Fit a GAM on the train data. Use the same response but subset of predictors from part A. Plot findings.
gam.oos <- gam(Outstate ~ Private + s(Room.Board, 5) + s(Terminal, 5) + s(perc.alumni, 5) + s(Expend, 5) + s(Grad.Rate, 5), data = College, subset = train)
par(mfrow = c(2,3))
plot(gam.oos, se = TRUE, col = "purple")
Evaluate model on the test set.
preds3 <- predict(gam.oos, College[test, ])
eval <- sum((College[test, ]$Outstate - preds3)^2)

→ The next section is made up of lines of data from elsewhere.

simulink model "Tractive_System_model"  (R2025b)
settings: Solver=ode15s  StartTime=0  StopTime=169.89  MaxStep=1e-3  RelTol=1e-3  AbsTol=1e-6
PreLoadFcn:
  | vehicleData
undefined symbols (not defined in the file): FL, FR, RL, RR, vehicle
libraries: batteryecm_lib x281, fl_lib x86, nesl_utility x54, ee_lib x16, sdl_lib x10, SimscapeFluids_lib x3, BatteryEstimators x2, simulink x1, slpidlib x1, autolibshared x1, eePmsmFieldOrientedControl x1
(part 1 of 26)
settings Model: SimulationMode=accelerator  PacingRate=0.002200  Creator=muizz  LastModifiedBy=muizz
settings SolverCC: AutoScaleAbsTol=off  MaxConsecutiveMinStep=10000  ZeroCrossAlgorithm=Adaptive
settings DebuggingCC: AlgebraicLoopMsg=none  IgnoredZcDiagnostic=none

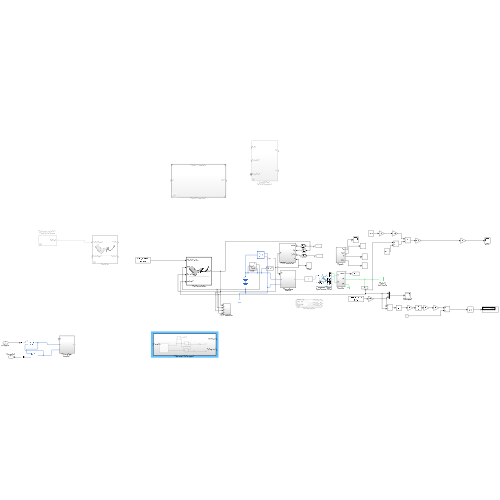
[thumbnail: Simulink's stored preview of the top-level diagram]
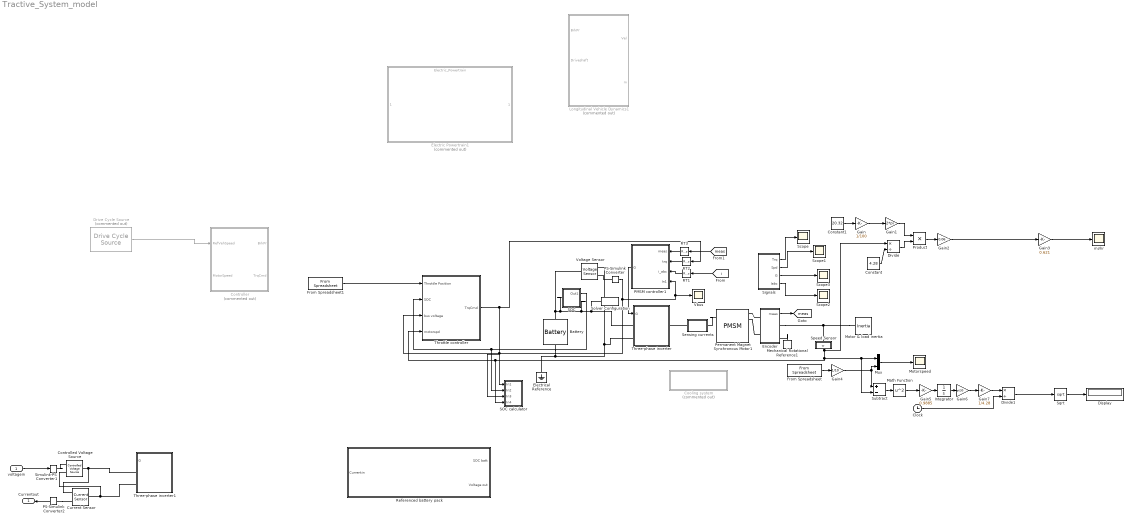
== system Tractive_System_model ==
  voltagein : Inport
  Battery : batteryecm_lib/Battery  Vnom=450 V  prm_dir=1  R1_dis=2 Ohm  R1_ch=2 Ohm  R1=0.001 Ohm  prm_AH=1  AH=14000 hr*A  V1=470 V  AH1=5000 hr*A  prm_R2=1  R2=inf Ohm  Tmeas=298.15 K  charge_measurement_port=simscape.enum.battery.enable.no  prm_dyn=1  Rp1=0.005 Ohm  tau1=30 s  Rp2=0.005 Ohm  tau2=30 s  Rp3=0.005 Ohm  tau3=30 s  Rp4=0.005 Ohm  tau4=30 s  Rp5=0.005 Ohm  tau5=30 s  prm_fade=1  N_fade=100  AH_fade=45 hr*A  R1_fade=2.02 Ohm  R1_ch_fade=2.02 Ohm  V1_fade=10.35 V  prm_age=1  prm_age_OCV=1  OCV_age=0.9  SOC_age=60  Tmeas_age=298.15 K  delta_time_age_vec=[0] d  temperature_age_vec=[273] K  OCV_scaling_age=2.2134e6  OCV_offset_age=1.632e6  temp_exp_age=0.515833569 V  t_exp_age=0.75  Vnom_T2=12 V  R1_T2=2.2 Ohm  R1_T2_dis=2.2 Ohm  R1_T2_ch=2.2 Ohm  V1_T2=11.4 V  R2_T2=2200 Ohm  Rp1_T2=0.005 Ohm  tau1_T2=30 s  Rp2_T2=0.005 Ohm  tau2_T2=30 s  Rp3_T2=0.005 Ohm  tau3_T2=30 s  Rp4_T2=0.005 Ohm  tau4_T2=30 s  Rp5_T2=0.005 Ohm  tau5_T2=30 s  Tmeas2=273.15 K  thermal_port=simscape.enum.thermaleffects.omit  thermal_mass=30000 J/K  i_specify=off  i_priority=None  i=0 A  i_nominal_specify=off  i_nominal_value=1  i_nominal_unit=A  v_specify=off  v_priority=None  v=0 V  v_nominal_specify=off  v_nominal_value=1  v_nominal_unit=V  charge_specify=on  charge_priority=High  charge=7000 hr*A  charge_nominal_specify=off  charge_nominal_value=1  charge_nominal_unit=A*hr  num_cycles_specify=off  num_cycles_priority=High  num_cycles=0  num_cycles_nominal_specify=off  num_cycles_nominal_value=1  num_cycles_nominal_unit=1  temperature_specify=off  temperature_priority=High  temperature=298.15 K  temperature_nominal_specify=off  temperature_nominal_value=1  temperature_nominal_unit=K
  Clock : Clock
  Constant : Constant  Value=4.28
  Constant1 : Constant  Value=20.32
  Controlled Voltage Source : fl_lib/Electrical/Electrical Sources/Controlled Voltage Source
  Controller : Subsystem  Commented=on  TreatAsAtomicUnit=on
      mask Display: image('Images/brakeThrottle.png'); % Use "Edit Image" on toolstrip to change.
  Cooling system : Subsystem  Commented=on
  Current Sensor : fl_lib/Electrical/Electrical Sensors/Current Sensor
  Display : Display
  Divide : Product  Inputs=*/
  Divide1 : Product  Inputs=*/
  Drive Cycle Source : autolibshared/Drive Cycle Source  Commented=on  cycleVar=Workspace variable  wsVar=fsdCycle  fileVar=cycleFTP75.mat  tfinal=""  cycleRepeat=on  outAccPort=off  outGearPort=off  gearList=No gear data  t_wot1=5  xdot_woto=0  xdot_wot1=30  t_wot2=20  xdot_wot2=0  t_wotend=30  srcUnit=m/s  outUnit=km/h  srcAccUnit=m/s/s  outAccUnit=m/s^2  dt=0  aMode=1  faultOption=off  velBnd=2  velBndUnit=mph  inUnit=m/s  timeBnd=1  failOption=off  stopSim=off  maxFaultCnt=10  maxFaultTime=2  maxTotFaultTime=15  traceOption=off  dtTrace=1  traceWindow=10  lastDCname=Custom Data Set  lastOutUnit=mph  lastDT=0  lastTB=1  lastSB=2  forceCalcBound=off
  Electric Powertrain1 : ModelReference  Commented=on  ModelNameDialog=Electric_Powertrain.slx  SimulationMode=Normal  ModelReferenceVersion=1.80
  Electrical Reference : fl_lib/Electrical/Electrical Elements/Electrical Reference
  Encoder : Subsystem
  From Spreadsheet : FromSpreadsheet  FileName=E25_Run1.xls  SheetName=RPM
  From Spreadsheet1 : FromSpreadsheet  FileName=E25_Run1.xls  SheetName=Throttle
  Gain : Gain  Gain=1/100
  Gain1 : Gain  Gain=2*pi
  Gain2 : Gain  Gain=0.06
  Gain3 : Gain  Gain=0.621
  Gain4 : Gain  Gain=1/10
  Gain5 : Gain  Gain=0.9885
  Gain6 : Gain  Gain=pi/30
  Gain7 : Gain  Gain=1/4.28
  Integrator : Integrator
  Longitudinal Vehicle Dynamics1 : Subsystem  Commented=on
  Math Function : Math  Operator=square
  Mechanical Rotational Reference1 : fl_lib/Mechanical/Rotational Elements/Mechanical Rotational Reference
  Motor & load inertia : fl_lib/Mechanical/Rotational Elements/Inertia  inertia=1.0116 kg*m^2  num_ports=foundation.enum.numPorts2.one  w_specify=on  w_priority=High  w=0 rpm  w_nominal_specify=off  w_nominal_value=1  w_nominal_unit=rad/s  t_specify=off  t_priority=High  t=0 N*m  t_nominal_specify=off  t_nominal_value=1  t_nominal_unit=N*m
  Motorspeed : Scope
      settings: ActiveDisplayYMinimum=-689.17048059754359  ActiveDisplayYMaximum=5992.5343253778938  DataLoggingVariableName=ScopeData5
  Mux : Mux  Inputs=2
  PMSM controller1 : Subsystem
  PS-Simulink Converter : nesl_utility/PS-Simulink Converter  PhysicalDomain=network_engine_domain  SubClassName=ps_output  LeftPortType=input  RightPortType=output  PseudoPeriodic=off  Frequencies=[]  VectorFormat=inherit  Unit=inherit  AffineConversion=off
  PS-Simulink Converter2 : nesl_utility/PS-Simulink Converter  PhysicalDomain=network_engine_domain  SubClassName=ps_output  LeftPortType=input  RightPortType=output  PseudoPeriodic=off  Frequencies=[]  VectorFormat=inherit  Unit=inherit  AffineConversion=off
  Permanent Magnet Synchronous Motor1 : ee_lib/Electromechanical/Permanent Magnet/PMSM  port_option=ee.enum.threePhasePort.composite  winding_type=ee.enum.statorconnection.wye  machine_param=ee.enum.pmsm.parameterization.constant  nPolePairs=10  pmflux_param=ee.enum.pmflux.fluxlinkage  pm_flux_linkage=0.04 Wb  torque_constant=0.18 N*m/A  back_emf_constant=0.18 V/(rad/s)  stator_param=ee.enum.statorparam.LdLqL0  Ld=1.25e-4 H  Lq=1.3e-4 H  idVec=[-200, 0, 200] A  iqVec=[-200, 0, 200] A  LdMatrix=0.0002 * ones(3, 3) H  LqMatrix=0.0002 * ones(3, 3) H  PmMatrix=0.1 * ones(3, 3) Wb  ktMatrix=0.18 * ones(3, 3) N*m/A  keMatrix=0.18 * ones(3, 3) V/(rad/s)  L0=L0 H  Ls=0.0002 H  Lm=0.00002 H  Ms=0.00002 H  Rs=0.012 Ohm  zero_sequence=ee.enum.park.zerosequence.exclude  axes_param=ee.enum.rotorangle.qaxis  loss_param=ee.enum.ironloss.none  losses_oc=[0, 0, 0] W  losses_sc=[0, 0, 0] W  f_losses=60 Hz  Isc_losses=95 A  J=0 kg*m^2  lam=0 N*m/(rad/s)  i_d_specify=off  i_d_priority=None  i_d=0 A  i_d_nominal_specify=off  i_d_nominal_value=1  i_d_nominal_unit=A  i_q_specify=off  i_q_priority=None  i_q=0 A  i_q_nominal_specify=off  i_q_nominal_value=1  i_q_nominal_unit=A  torque_specify=off  torque_priority=None  torque=0 N*m  torque_nominal_specify=off  torque_nominal_value=1  torque_nominal_unit=N*m  angular_velocity_specify=on  angular_velocity_priority=None  angular_velocity=0 rpm  angular_velocity_nominal_specify=off  angular_velocity_nominal_value=1  angular_velocity_nominal_unit=rpm  angular_position_specify=on  angular_position_priority=High  angular_position=0 rad  angular_position_nominal_specify=off  angular_position_nominal_value=1  angular_position_nominal_unit=deg  alpha=3.93e-3 1/K  alpha_flux=-0.001 1/K  Tmeas=298.15 K  stator_thermal_mass=100 J/K  rotor_thermal_mass=200 J/K  Rm_percent_rotor=90  Rd_percent_rotor=30  temperatureA_specify=off  temperatureA_priority=High  temperatureA=25 degC  temperatureA_nominal_specify=off  temperatureA_nominal_value=1  temperatureA_nominal_unit=degC  temperatureB_specify=off  temperatureB_priority=High  temperatureB=25 degC  temperatureB_nominal_specify=off  temperatureB_nominal_value=1  temperatureB_nominal_unit=degC  temperatureC_specify=off  temperatureC_priority=High  temperatureC=25 degC  temperatureC_nominal_specify=off  temperatureC_nominal_value=1  temperatureC_nominal_unit=degC  temperatureR_specify=off  temperatureR_priority=High  temperatureR=25 degC  temperatureR_nominal_specify=off  temperatureR_nominal_value=1  temperatureR_nominal_unit=degC
      settings: InternalSimscapePortConfiguration="{\"Bottom\":[],\"Left\":[{\"id\":\"N\",\"label\":\"~\",\"type\":\"foundation.electrical.three_phase\"},{\"id\":\"HR\",\"label\":\"HR\",\"type\":\"foundation.thermal.thermal\"}],\"Right\":[{\"id\":\"R\",\"label\":\"R\",\"type\":\"foundation.mechanical.rotational.rotational\"},{\"id\":\"C\",\"label\":\"C\",\"type\":\"foundation.mechanical.rotational.rotational\"},{\"id\":\"HA\",\"label\":\"HA\",\"type\":\"foundation.thermal.thermal\"},{\"id\":\"HB\",\"label\":\"HB\",\"type\":\"foundation.thermal.thermal\"},{\"id\":\"HC\",\"label\":\"HC\",\"type\":\"foundation.thermal.thermal\"}],\"Top\":[]}"
  Product : Product
  RT1 : RateTransition  OutPortSampleTime=1e-5
  RT2 : RateTransition  OutPortSampleTime=1e-5
  RT3 : RateTransition  OutPortSampleTime=1e-5
  "Referenced battery pack " : Subsystem  TreatAsAtomicUnit=on
  SOC : Subsystem
  SOC calculator : Subsystem
  Scope{,1..3} (4 alike) : Scope
      Scope settings: ActiveDisplayYMinimum=-50.625253953054461  ActiveDisplayYMaximum=50.62524512492179  DataLoggingVariableName=ScopeData6
      Scope1 settings: ActiveDisplayYMinimum=-1907.899738969727  ActiveDisplayYMaximum=6138.7110691558973  DataLoggingVariableName=ScopeData7
      Scope2 settings: ActiveDisplayYMinimum=-181.90652911018958  ActiveDisplayYMaximum=169.90814228402508  DataLoggingVariableName=ScopeData8
      Scope3 settings: ActiveDisplayYMinimum=-1  ActiveDisplayYMaximum=1  DataLoggingVariableName=ScopeData9
  Sensing currents : Subsystem
      mask Display: disp('i')
  "Signals " : Subsystem
  Simulink-PS Converter1 : nesl_utility/Simulink-PS Converter  PhysicalDomain=network_engine_domain  SubClassName=ps_input  LeftPortType=input  RightPortType=output  PseudoPeriodic=off  Frequencies=[]  NoiseDistribution=none  NoiseParameters=[]  Unit=1  AffineConversion=off  FilteringAndDerivatives=provide  SimscapeFilterOrder=1  InputFilterTimeConstant=0.001  UdotUserProvided=0
  Solver Configuration : nesl_utility/Solver Configuration  PhysicalDomain=network_engine_domain  SubClassName=solver  LeftPortType=input  RightPortType=generic  Tones=[]  Harmonics=[]  SimulateNoise=off  Profile=off  UseLocalSampling=off  EnableSwitchedLinearOptims=on  FrequencyDomain=off  UseCCode=off  RelTol=0.001  AbsTol=1e-06  MinStep=1e-09  ToWorkspace=off  RevertToSquareIcSolve=off  NumHomotopyIterations=100  PhasorMode=off  PhasorModeNumHarmonics=1  ConsistencySolver=NEWTON_FTOL  IndexReductionMethod=DerivativeReplacement  DoDC=off  ResidualTolerance=1e-9  ConsistencyTolSource=GLOBAL  ConsistencyAbsTol=0.001  ConsistencyRelTol=0.001  ConsistencyTolFactor=0.001  UseLocalSolver=on  LocalSolverChoice=NE_PARTITIONING_ADVANCER  ResolveIndetEquations=on  FunctionEvalNumThread=1  LocalSolverSampleTime=1e-5  DoFixedCost=off  MaxNonlinIter=4  MaxModeIter=2  ComputeImpulses=off  ImpulseIterations=2  LinearAlgebra=auto  LinearAlgebraNumThread=0  EquationFormulation=NE_TIME_EF  DelaysMemoryBudget=1024  AutomaticFiltering=on  FilteringTimeConstant=0.001  PartitionStorageMethod=AS_NEEDED  PartitionMemoryBudget=1024  PartitionMethod=FAST  MultibodyUseLocalSolver=off  MultibodyLocalSolverChoice=ODE1  MultibodyLocalSolverSampleTime=0.001
  Speed Sensor : Subsystem
      mask Display: disp('w')
  Sqrt : Sqrt
  Subtract : Sum  Inputs=+-
  Three-phase inverter : Subsystem
  Three-phase inverter1 : Subsystem
  Throttle controller : Subsystem  TreatAsAtomicUnit=on
      mask Display: image('Images/brakeThrottle.png'); % Use "Edit Image" on toolstrip to change.
  Vbus : Scope
      settings: ActiveDisplayYMinimum=403.93858192794437  ActiveDisplayYMaximum=455.46174198734315  DataLoggingVariableName=ScopeData13
  Voltage Sensor : fl_lib/Electrical/Electrical Sensors/Voltage Sensor
  mi/hr : Scope
      settings: ActiveDisplayYMinimum=-2.4921742496498496  ActiveDisplayYMaximum=69.067219320709555  DataLoggingVariableName=ScopeData4
  Currentout : Outport
  tag scope: meas=global
  wires:
  Drive Cycle Source/1 -> Controller/1(RefVehSpeed)
  "Signals "/1(Trq) -> Scope/1
  Gain/1 -> Gain1/1
  "Signals "/4(Iabc) -> Scope2/1
  "Signals "/3(G) -> Scope3/1
  "Signals "/2(Spd) -> Scope1/1
  Constant/1 -> Divide/2
  Divide/1 -> Product/2
  Constant1/1 -> Gain/1
  PS-Simulink Converter/1 -> SOC calculator/3(In3), Throttle controller/3(bus voltage), Vbus/1, PMSM controller1/4(In1)
  Speed Sensor/1(w) -> SOC calculator/4(In4), Throttle controller/4(motorspd), Mux/1, Subtract/2, Divide/1
  Gain1/1 -> Product/1
  Product/1 -> Gain2/1
  Encoder/1(meas) -> [meas]
  Gain3/1 -> mi/hr/1
  From Spreadsheet1/1 -> Throttle controller/1(Throttle Position)
  SOC/1(Out1) -> SOC calculator/2(In2), Throttle controller/2(SOC)
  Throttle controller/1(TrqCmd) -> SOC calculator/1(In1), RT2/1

TSS <- sum((College[test, ]$Outstate - mean(College[test, ]$Outstate))^2)
1 - (eval / TSS)
## [1] 0.7755414
Test Statistic = 0.7755
For which variables are there evidence of a non-linear relationship with the response?
summary(gam.oos)
##
## Call: gam(formula = Outstate ~ Private + s(Room.Board, 5) + s(Terminal,
## 5) + s(perc.alumni, 5) + s(Expend, 5) + s(Grad.Rate, 5),
## data = College, subset = train)
## Deviance Residuals:
## Min 1Q Median 3Q Max
## -6277.5 -1084.1 123.7 1223.2 7139.7
##
## (Dispersion Parameter for gaussian family taken to be 3370637)
##
## Null Deviance: 6286829154 on 387 degrees of freedom
## Residual Deviance: 1216799198 on 360.9997 degrees of freedom
## AIC: 6960.989
##
## Number of Local Scoring Iterations: NA
##
## Anova for Parametric Effects
## Df Sum Sq Mean Sq F value Pr(>F)
## Private 1 1597519236 1597519236 473.952 < 2.2e-16 ***
## s(Room.Board, 5) 1 1370398372 1370398372 406.570 < 2.2e-16 ***
## s(Terminal, 5) 1 261867894 261867894 77.691 < 2.2e-16 ***
## s(perc.alumni, 5) 1 254976797 254976797 75.647 < 2.2e-16 ***
## s(Expend, 5) 1 542142991 542142991 160.843 < 2.2e-16 ***
## s(Grad.Rate, 5) 1 73167730 73167730 21.707 4.473e-06 ***
## Residuals 361 1216799198 3370637
## ---
## Signif. codes: 0 '***' 0.001 '**' 0.01 '*' 0.05 '.' 0.1 ' ' 1
##
## Anova for Nonparametric Effects
## Npar Df Npar F Pr(F)
## (Intercept)
## Private
## s(Room.Board, 5) 4 2.1533 0.07381 .
## s(Terminal, 5) 4 1.2345 0.29581
## s(perc.alumni, 5) 4 0.7622 0.55043
## s(Expend, 5) 4 22.5609 < 2e-16 ***
## s(Grad.Rate, 5) 4 1.6358 0.16463
## ---
## Signif. codes: 0 '***' 0.001 '**' 0.01 '*' 0.05 '.' 0.1 ' ' 1
Interpretation
There are strong relationships between the response and Room and Board as well as Epex. This indicates the possibility of a nonlinear relationship with the response OutState. Grad Rate and PhD also have a moderate probability of having a nonlinear relationship.